A complete answer includes every line below with the word "mechanical".

• _Data items_:

========

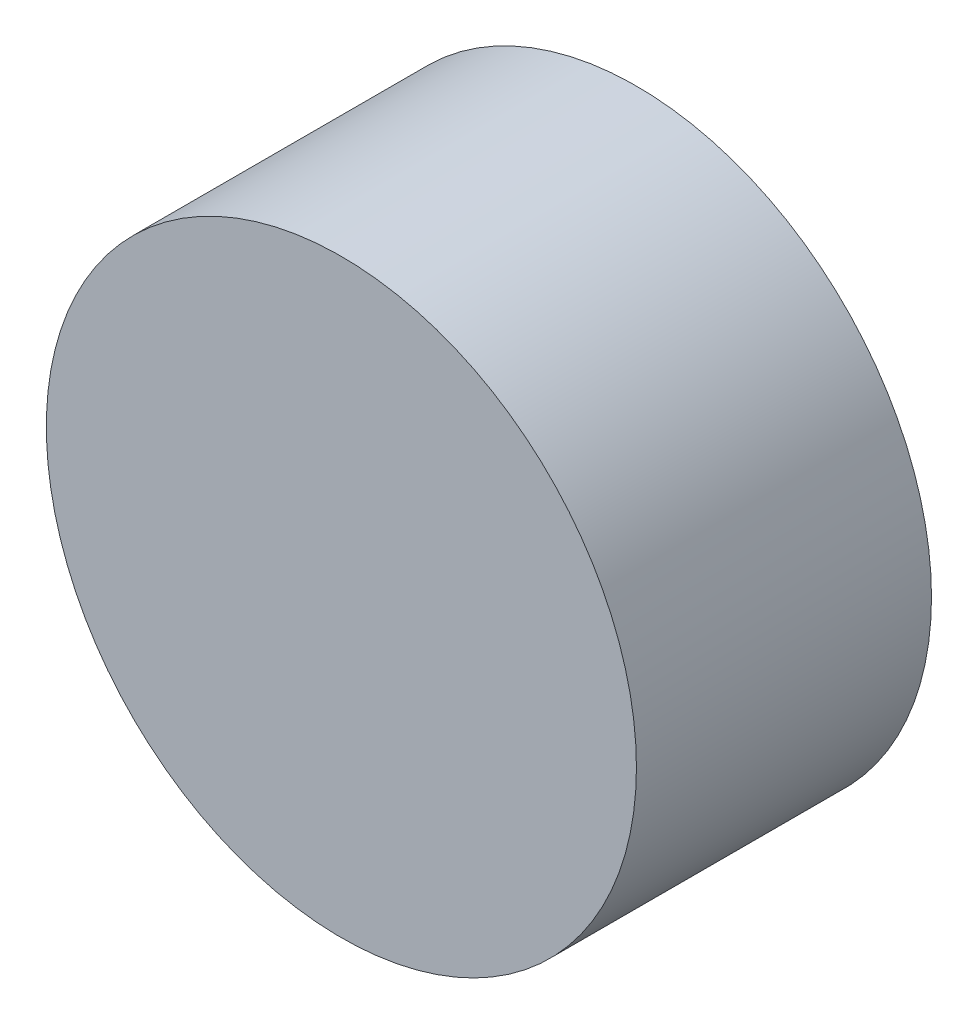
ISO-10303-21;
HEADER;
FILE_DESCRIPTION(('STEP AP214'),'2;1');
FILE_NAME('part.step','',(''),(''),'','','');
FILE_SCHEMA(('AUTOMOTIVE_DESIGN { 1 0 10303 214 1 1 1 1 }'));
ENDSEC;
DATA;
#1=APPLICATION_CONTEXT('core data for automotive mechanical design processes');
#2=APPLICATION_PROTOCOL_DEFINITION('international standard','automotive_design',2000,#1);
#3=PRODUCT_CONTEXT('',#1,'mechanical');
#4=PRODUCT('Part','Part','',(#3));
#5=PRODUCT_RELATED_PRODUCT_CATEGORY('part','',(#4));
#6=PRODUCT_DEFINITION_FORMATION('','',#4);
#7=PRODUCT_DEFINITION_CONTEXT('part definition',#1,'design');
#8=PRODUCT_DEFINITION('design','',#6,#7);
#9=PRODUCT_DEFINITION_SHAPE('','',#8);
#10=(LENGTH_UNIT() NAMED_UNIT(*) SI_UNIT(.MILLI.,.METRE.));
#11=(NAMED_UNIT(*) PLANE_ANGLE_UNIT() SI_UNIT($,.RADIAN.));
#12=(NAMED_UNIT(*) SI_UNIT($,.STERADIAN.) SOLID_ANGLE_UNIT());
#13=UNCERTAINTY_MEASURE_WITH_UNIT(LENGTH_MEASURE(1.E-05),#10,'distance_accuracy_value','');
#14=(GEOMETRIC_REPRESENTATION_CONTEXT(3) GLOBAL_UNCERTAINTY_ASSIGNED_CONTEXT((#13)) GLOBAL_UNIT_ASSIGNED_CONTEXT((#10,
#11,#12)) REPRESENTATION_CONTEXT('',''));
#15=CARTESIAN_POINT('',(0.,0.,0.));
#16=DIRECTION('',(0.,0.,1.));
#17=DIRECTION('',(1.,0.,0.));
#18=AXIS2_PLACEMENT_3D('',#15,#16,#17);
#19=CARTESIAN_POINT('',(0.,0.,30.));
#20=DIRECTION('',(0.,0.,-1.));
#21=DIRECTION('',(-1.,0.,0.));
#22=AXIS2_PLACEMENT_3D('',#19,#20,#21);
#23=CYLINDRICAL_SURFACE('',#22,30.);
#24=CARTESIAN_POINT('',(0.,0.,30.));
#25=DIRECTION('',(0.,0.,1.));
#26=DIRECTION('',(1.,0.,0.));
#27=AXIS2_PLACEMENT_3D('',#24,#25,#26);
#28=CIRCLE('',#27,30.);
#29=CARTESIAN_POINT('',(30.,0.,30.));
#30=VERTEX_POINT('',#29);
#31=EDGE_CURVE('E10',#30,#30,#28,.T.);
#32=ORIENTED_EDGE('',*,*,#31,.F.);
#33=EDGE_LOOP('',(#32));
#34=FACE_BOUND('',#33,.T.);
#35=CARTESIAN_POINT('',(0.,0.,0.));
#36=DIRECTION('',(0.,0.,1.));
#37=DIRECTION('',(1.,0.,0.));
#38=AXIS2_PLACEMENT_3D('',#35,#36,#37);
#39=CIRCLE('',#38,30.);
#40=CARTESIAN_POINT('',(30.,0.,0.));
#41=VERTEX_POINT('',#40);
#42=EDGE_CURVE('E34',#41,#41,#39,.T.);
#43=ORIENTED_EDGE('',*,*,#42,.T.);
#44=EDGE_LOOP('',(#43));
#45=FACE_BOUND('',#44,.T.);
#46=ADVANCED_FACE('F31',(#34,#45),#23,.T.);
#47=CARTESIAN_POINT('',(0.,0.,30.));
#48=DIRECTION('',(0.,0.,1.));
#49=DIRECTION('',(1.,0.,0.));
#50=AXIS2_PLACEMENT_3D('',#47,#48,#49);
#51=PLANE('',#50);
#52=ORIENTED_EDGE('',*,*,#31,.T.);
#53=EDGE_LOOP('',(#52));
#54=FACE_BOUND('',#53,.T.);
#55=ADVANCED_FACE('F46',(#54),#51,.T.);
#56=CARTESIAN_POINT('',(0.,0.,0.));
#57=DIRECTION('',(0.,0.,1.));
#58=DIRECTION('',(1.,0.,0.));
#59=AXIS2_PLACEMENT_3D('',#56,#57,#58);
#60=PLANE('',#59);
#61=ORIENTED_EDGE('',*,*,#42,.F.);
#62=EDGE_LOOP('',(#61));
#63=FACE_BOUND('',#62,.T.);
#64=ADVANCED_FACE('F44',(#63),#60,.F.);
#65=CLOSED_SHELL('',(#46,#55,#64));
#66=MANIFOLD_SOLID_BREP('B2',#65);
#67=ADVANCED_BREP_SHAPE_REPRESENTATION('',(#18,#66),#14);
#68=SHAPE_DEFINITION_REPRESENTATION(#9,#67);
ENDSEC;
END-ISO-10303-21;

========

• _Exercise solution_:
#1=APPLICATION_CONTEXT('core data for automotive mechanical design processes');
#3=PRODUCT_CONTEXT('',#1,'mechanical');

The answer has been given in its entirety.